> **Assignment**
Repeat every line of the data exactly, but not the pictures.

:: Dataset extract

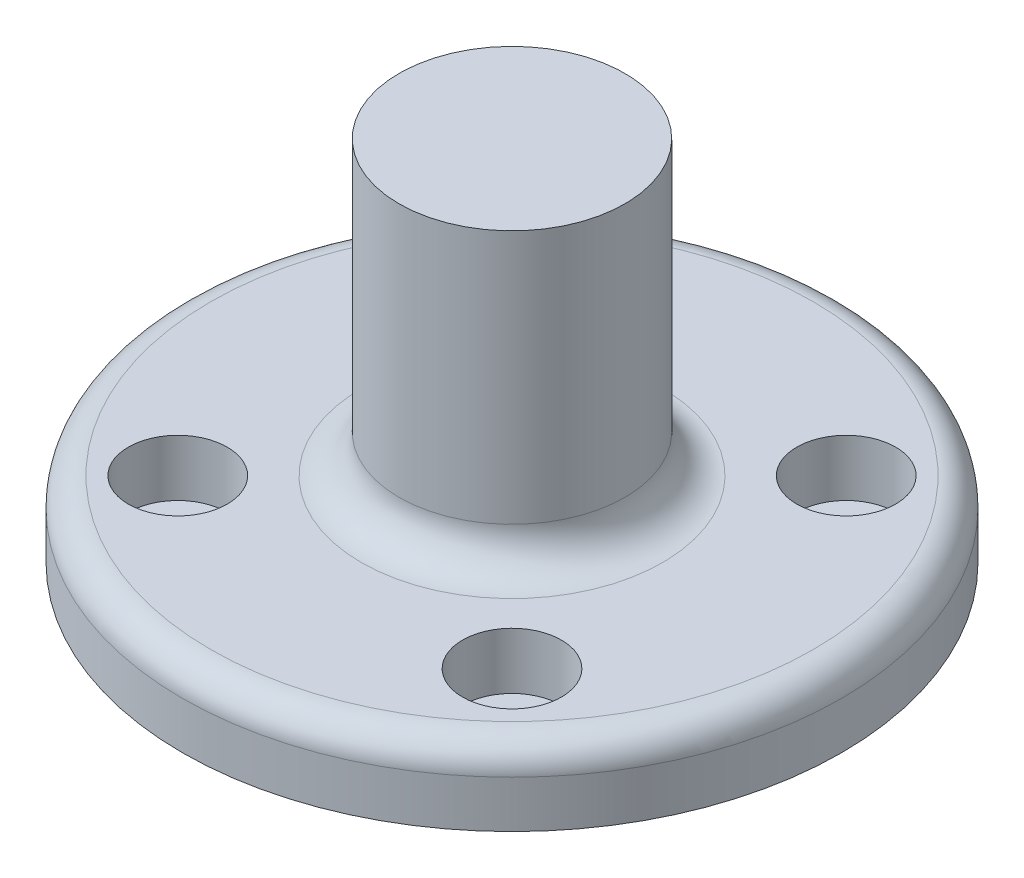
from build123d import *

# Parameters (mm, degrees)
SKETCH1_R           = 35
BOSS_EXTRUDE1_DEPTH = 8
SKETCH2_R           = 5.25
CUT_EXTRUDE1_DEPTH  = 6
SKETCH3_R           = 3.25
CUT_EXTRUDE2_DEPTH  = 2
SKETCH4_W           = 12
SKETCH4_H           = 31
FILLET1_R           = 3
FILLET2_R           = 4


with BuildPart() as part:
    # Sketch1 → Boss-Extrude1 (new body)
    with BuildSketch(Plane(origin=(0, 0, 0), x_dir=(1, 0, 0), z_dir=(0, 1, 0))):
        with Locations(Location((0, 0, 0), (0, 0, 270))):
            Circle(SKETCH1_R)
    extrude(amount=BOSS_EXTRUDE1_DEPTH)

    # Sketch2 → Cut-Extrude1 (cut)
    with BuildSketch(Plane(origin=(0, 8, 0), x_dir=(1, 0, 0), z_dir=(0, 1, 0))):
        with Locations(Location((-17.75, 17.75, 0), (0, 0, 270))):
            Circle(SKETCH2_R)
        with Locations(Location((17.75, 17.75, 0), (0, 0, 270))):
            Circle(SKETCH2_R)
        with Locations(Location((17.75, -17.75, 0), (0, 0, 270))):
            Circle(SKETCH2_R)
        with Locations(Location((-17.75, -17.75, 0), (0, 0, 270))):
            Circle(SKETCH2_R)
    extrude(amount=-CUT_EXTRUDE1_DEPTH, mode=Mode.SUBTRACT)

    # Sketch3 → Cut-Extrude2 (cut)
    with BuildSketch(Plane(origin=(0, 2, 0), x_dir=(1, 0, 0), z_dir=(0, 1, 0))):
        with Locations(Location((17.75, 17.75, 0), (0, 0, 270))):
            Circle(SKETCH3_R)
        with Locations(Location((-17.75, 17.75, 0), (0, 0, 270))):
            Circle(SKETCH3_R)
        with Locations(Location((-17.75, -17.75, 0), (0, 0, 270))):
            Circle(SKETCH3_R)
        with Locations(Location((17.75, -17.75, 0), (0, 0, 270))):
            Circle(SKETCH3_R)
    extrude(amount=-CUT_EXTRUDE2_DEPTH, mode=Mode.SUBTRACT)

    # Sketch4 → Revolve1 (revolve)
    with BuildSketch(Plane.XY, mode=Mode.PRIVATE) as revolve1_sk:
        with Locations((6, 23.5)):
            Rectangle(SKETCH4_W, SKETCH4_H)
    revolve(revolve1_sk.sketch.rotate(Axis((0, 39, 0), (0, -1, 0)), 90), axis=Axis((0, 39, 0), (0, -1, 0)))

    # Fillet1
    fillet1_edges = [part.edges().sort_by_distance(p)[0] for p in [
        (0, 8, -35),
    ]]
    fillet(fillet1_edges, radius=FILLET1_R)

    # Fillet2
    fillet2_edges = [part.edges().sort_by_distance(p)[0] for p in [
        (0, 8, -12),
    ]]
    fillet(fillet2_edges, radius=FILLET2_R)


solid = part.part

::::

> **Reply**
from build123d import *

# Parameters (mm, degrees)
SKETCH1_R           = 35
BOSS_EXTRUDE1_DEPTH = 8
SKETCH2_R           = 5.25
CUT_EXTRUDE1_DEPTH  = 6
SKETCH3_R           = 3.25
CUT_EXTRUDE2_DEPTH  = 2
SKETCH4_W           = 12
SKETCH4_H           = 31
FILLET1_R           = 3
FILLET2_R           = 4


with BuildPart() as part:
    # Sketch1 → Boss-Extrude1 (new body)
    with BuildSketch(Plane(origin=(0, 0, 0), x_dir=(1, 0, 0), z_dir=(0, 1, 0))):
        with Locations(Location((0, 0, 0), (0, 0, 270))):
            Circle(SKETCH1_R)
    extrude(amount=BOSS_EXTRUDE1_DEPTH)

    # Sketch2 → Cut-Extrude1 (cut)
    with BuildSketch(Plane(origin=(0, 8, 0), x_dir=(1, 0, 0), z_dir=(0, 1, 0))):
        with Locations(Location((-17.75, 17.75, 0), (0, 0, 270))):
            Circle(SKETCH2_R)
        with Locations(Location((17.75, 17.75, 0), (0, 0, 270))):
            Circle(SKETCH2_R)
        with Locations(Location((17.75, -17.75, 0), (0, 0, 270))):
            Circle(SKETCH2_R)
        with Locations(Location((-17.75, -17.75, 0), (0, 0, 270))):
            Circle(SKETCH2_R)
    extrude(amount=-CUT_EXTRUDE1_DEPTH, mode=Mode.SUBTRACT)

    # Sketch3 → Cut-Extrude2 (cut)
    with BuildSketch(Plane(origin=(0, 2, 0), x_dir=(1, 0, 0), z_dir=(0, 1, 0))):
        with Locations(Location((17.75, 17.75, 0), (0, 0, 270))):
            Circle(SKETCH3_R)
        with Locations(Location((-17.75, 17.75, 0), (0, 0, 270))):
            Circle(SKETCH3_R)
        with Locations(Location((-17.75, -17.75, 0), (0, 0, 270))):
            Circle(SKETCH3_R)
        with Locations(Location((17.75, -17.75, 0), (0, 0, 270))):
            Circle(SKETCH3_R)
    extrude(amount=-CUT_EXTRUDE2_DEPTH, mode=Mode.SUBTRACT)

    # Sketch4 → Revolve1 (revolve)
    with BuildSketch(Plane.XY, mode=Mode.PRIVATE) as revolve1_sk:
        with Locations((6, 23.5)):
            Rectangle(SKETCH4_W, SKETCH4_H)
    revolve(revolve1_sk.sketch.rotate(Axis((0, 39, 0), (0, -1, 0)), 90), axis=Axis((0, 39, 0), (0, -1, 0)))

    # Fillet1
    fillet1_edges = [part.edges().sort_by_distance(p)[0] for p in [
        (0, 8, -35),
    ]]
    fillet(fillet1_edges, radius=FILLET1_R)

    # Fillet2
    fillet2_edges = [part.edges().sort_by_distance(p)[0] for p in [
        (0, 8, -12),
    ]]
    fillet(fillet2_edges, radius=FILLET2_R)


solid = part.part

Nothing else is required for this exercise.